Tally the lines in these records that hold the string "layers", and reply with the number alone.

[Saved entries]

___

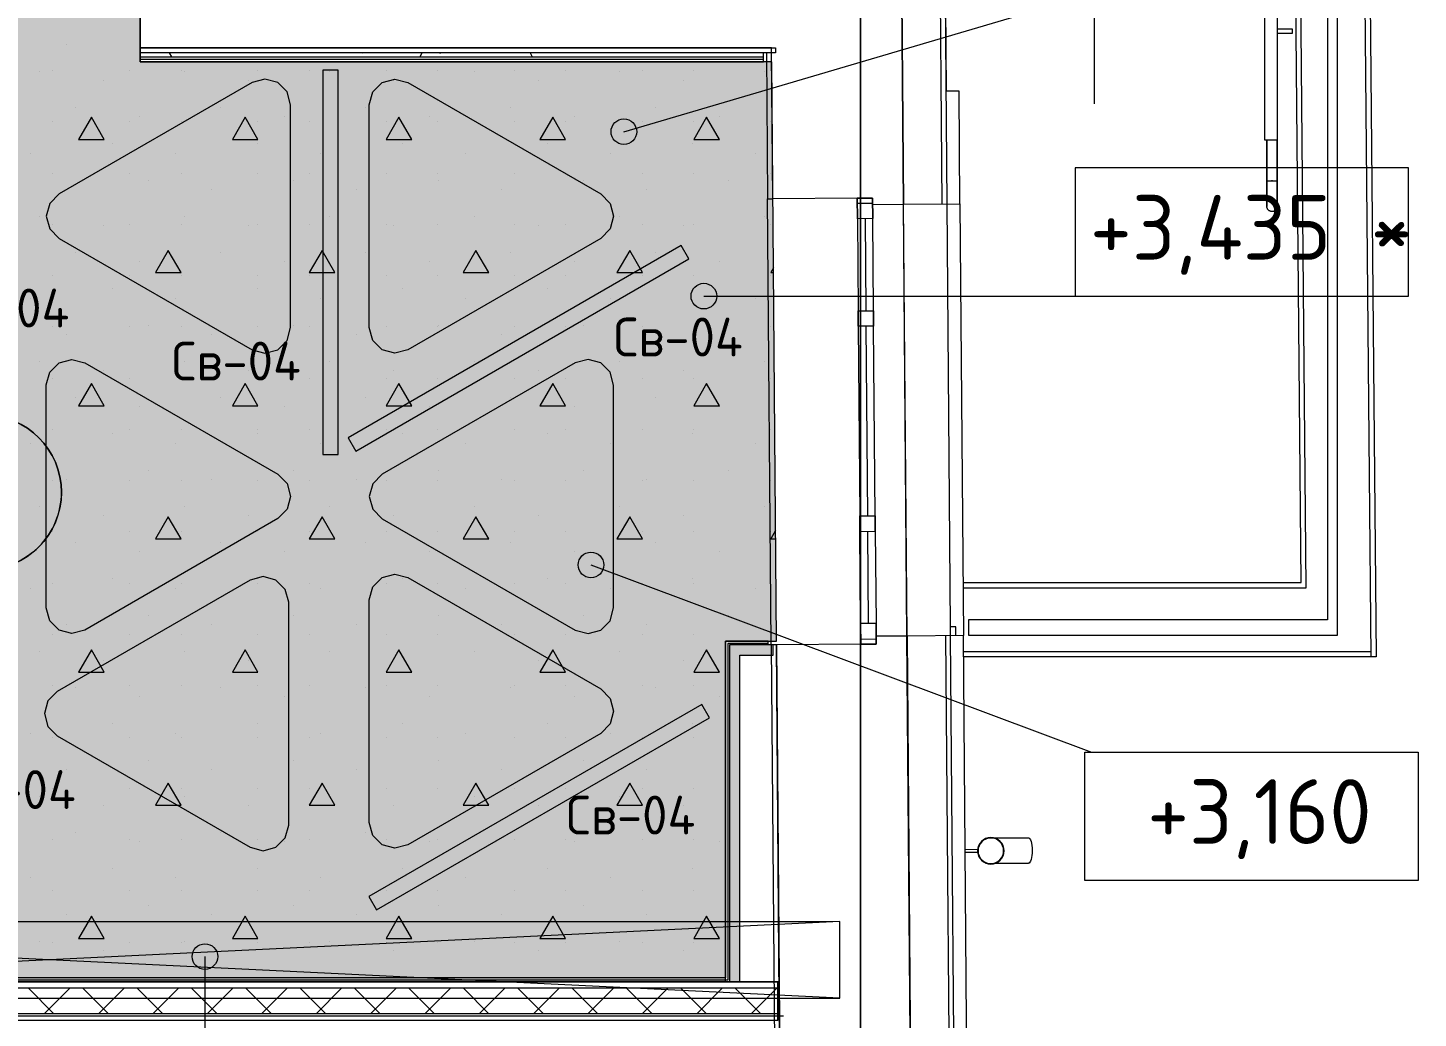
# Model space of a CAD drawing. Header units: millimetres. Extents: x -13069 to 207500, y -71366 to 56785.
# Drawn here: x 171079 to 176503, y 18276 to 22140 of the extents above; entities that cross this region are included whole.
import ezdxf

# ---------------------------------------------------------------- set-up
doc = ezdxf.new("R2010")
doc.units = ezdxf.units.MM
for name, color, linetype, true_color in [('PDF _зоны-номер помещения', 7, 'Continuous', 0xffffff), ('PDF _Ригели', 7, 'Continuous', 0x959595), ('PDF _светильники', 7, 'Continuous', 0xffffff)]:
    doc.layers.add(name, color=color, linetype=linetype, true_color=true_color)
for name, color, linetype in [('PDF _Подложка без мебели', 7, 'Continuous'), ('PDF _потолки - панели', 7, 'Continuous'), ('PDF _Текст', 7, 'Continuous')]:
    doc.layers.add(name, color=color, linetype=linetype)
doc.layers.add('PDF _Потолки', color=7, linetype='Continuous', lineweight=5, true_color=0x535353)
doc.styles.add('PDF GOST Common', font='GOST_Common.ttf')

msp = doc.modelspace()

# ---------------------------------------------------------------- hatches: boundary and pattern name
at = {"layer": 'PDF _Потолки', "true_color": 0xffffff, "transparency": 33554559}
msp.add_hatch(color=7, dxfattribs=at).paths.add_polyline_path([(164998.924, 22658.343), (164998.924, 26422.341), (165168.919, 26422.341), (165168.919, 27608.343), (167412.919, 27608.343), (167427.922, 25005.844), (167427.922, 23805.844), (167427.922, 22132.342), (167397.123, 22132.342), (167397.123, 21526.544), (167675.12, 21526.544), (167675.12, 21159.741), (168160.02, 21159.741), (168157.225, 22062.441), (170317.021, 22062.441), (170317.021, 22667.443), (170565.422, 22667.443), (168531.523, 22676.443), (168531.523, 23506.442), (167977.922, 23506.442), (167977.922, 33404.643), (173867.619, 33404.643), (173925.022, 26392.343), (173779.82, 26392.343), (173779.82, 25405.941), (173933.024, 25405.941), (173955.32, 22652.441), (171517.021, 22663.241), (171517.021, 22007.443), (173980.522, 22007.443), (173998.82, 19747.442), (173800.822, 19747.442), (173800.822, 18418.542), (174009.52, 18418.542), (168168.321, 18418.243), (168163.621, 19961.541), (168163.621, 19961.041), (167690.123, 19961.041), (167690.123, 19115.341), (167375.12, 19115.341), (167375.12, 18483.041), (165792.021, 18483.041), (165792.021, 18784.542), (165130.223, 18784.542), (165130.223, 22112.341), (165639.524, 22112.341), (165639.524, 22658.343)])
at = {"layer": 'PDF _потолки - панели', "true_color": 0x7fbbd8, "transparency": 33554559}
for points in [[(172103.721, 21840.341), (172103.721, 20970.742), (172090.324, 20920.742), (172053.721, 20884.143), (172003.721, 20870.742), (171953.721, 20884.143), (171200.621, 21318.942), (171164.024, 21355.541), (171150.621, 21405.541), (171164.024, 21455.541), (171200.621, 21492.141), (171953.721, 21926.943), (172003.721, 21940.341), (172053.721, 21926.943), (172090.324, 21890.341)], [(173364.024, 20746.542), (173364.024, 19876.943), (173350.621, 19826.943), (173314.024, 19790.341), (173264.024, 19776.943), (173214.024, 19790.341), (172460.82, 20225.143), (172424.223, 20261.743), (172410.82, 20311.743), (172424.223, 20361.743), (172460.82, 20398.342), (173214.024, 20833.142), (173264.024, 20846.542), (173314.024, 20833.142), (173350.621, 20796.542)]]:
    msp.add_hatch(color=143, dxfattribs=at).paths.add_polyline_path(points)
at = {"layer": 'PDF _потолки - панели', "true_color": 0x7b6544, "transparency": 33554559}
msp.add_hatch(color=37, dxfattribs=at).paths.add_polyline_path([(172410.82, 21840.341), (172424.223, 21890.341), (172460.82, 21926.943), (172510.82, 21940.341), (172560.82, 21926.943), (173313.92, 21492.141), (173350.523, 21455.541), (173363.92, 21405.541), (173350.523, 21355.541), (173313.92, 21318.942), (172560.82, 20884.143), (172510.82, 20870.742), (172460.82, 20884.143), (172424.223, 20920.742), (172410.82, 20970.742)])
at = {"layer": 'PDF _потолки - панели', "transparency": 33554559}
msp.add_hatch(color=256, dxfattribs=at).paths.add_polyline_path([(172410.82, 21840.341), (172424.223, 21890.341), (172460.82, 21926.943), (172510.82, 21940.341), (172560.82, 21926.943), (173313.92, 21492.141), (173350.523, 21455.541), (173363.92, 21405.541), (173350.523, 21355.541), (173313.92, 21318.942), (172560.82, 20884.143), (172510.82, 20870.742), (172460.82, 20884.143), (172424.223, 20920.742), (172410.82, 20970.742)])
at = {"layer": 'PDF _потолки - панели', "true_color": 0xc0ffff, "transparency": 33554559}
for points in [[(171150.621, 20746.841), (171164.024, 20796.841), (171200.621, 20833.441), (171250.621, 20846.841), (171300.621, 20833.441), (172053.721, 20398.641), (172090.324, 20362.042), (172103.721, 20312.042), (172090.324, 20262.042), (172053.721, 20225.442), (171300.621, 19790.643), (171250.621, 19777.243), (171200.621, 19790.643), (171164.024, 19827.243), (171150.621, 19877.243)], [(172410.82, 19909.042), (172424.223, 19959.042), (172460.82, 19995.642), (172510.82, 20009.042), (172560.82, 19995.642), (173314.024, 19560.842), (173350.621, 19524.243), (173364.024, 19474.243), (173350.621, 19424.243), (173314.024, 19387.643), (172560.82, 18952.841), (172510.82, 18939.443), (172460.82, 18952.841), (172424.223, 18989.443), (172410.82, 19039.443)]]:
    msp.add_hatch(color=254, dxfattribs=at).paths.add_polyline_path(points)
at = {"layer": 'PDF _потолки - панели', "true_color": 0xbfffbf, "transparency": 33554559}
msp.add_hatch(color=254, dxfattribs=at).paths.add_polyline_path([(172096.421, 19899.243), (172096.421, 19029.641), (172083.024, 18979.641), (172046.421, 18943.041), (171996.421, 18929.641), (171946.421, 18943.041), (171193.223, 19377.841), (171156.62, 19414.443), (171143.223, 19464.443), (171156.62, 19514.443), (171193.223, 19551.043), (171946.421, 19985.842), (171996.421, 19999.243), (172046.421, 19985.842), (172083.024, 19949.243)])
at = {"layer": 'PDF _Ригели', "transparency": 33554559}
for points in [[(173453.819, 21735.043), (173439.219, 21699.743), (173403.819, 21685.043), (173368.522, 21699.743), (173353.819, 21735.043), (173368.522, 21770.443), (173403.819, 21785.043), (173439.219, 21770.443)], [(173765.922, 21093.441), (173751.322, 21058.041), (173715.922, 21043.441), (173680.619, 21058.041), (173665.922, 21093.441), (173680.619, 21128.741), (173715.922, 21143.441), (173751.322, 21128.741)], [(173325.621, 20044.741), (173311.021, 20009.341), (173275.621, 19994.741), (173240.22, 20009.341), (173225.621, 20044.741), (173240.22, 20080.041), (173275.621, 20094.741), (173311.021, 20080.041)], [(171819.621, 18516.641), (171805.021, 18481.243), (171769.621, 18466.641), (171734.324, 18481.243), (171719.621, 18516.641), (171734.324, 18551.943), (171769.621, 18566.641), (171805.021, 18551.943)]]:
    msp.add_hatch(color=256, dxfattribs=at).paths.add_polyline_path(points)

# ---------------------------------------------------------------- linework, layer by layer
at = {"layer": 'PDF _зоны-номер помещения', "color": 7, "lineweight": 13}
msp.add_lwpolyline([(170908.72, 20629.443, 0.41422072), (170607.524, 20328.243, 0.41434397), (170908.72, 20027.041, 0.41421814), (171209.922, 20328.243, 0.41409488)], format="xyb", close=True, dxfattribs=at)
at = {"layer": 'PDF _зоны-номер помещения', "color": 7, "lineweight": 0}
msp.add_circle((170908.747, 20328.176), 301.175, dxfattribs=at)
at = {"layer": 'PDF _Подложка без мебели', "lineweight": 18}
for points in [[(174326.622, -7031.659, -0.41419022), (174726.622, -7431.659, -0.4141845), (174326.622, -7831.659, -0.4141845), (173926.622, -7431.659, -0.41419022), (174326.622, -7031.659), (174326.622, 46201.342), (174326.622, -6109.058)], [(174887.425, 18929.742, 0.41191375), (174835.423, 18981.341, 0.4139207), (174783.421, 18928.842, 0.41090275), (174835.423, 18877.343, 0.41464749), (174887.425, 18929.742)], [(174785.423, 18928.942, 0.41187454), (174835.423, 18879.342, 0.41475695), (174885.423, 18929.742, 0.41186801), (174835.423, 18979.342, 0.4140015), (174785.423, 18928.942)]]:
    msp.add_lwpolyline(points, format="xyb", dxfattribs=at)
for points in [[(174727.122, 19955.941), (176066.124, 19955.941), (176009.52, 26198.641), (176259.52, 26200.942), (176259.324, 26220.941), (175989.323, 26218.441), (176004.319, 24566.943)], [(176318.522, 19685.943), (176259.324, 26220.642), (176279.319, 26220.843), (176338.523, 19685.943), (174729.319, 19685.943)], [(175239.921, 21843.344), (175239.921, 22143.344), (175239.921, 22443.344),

___

### ANSWER FOR THIS EXERCISE
3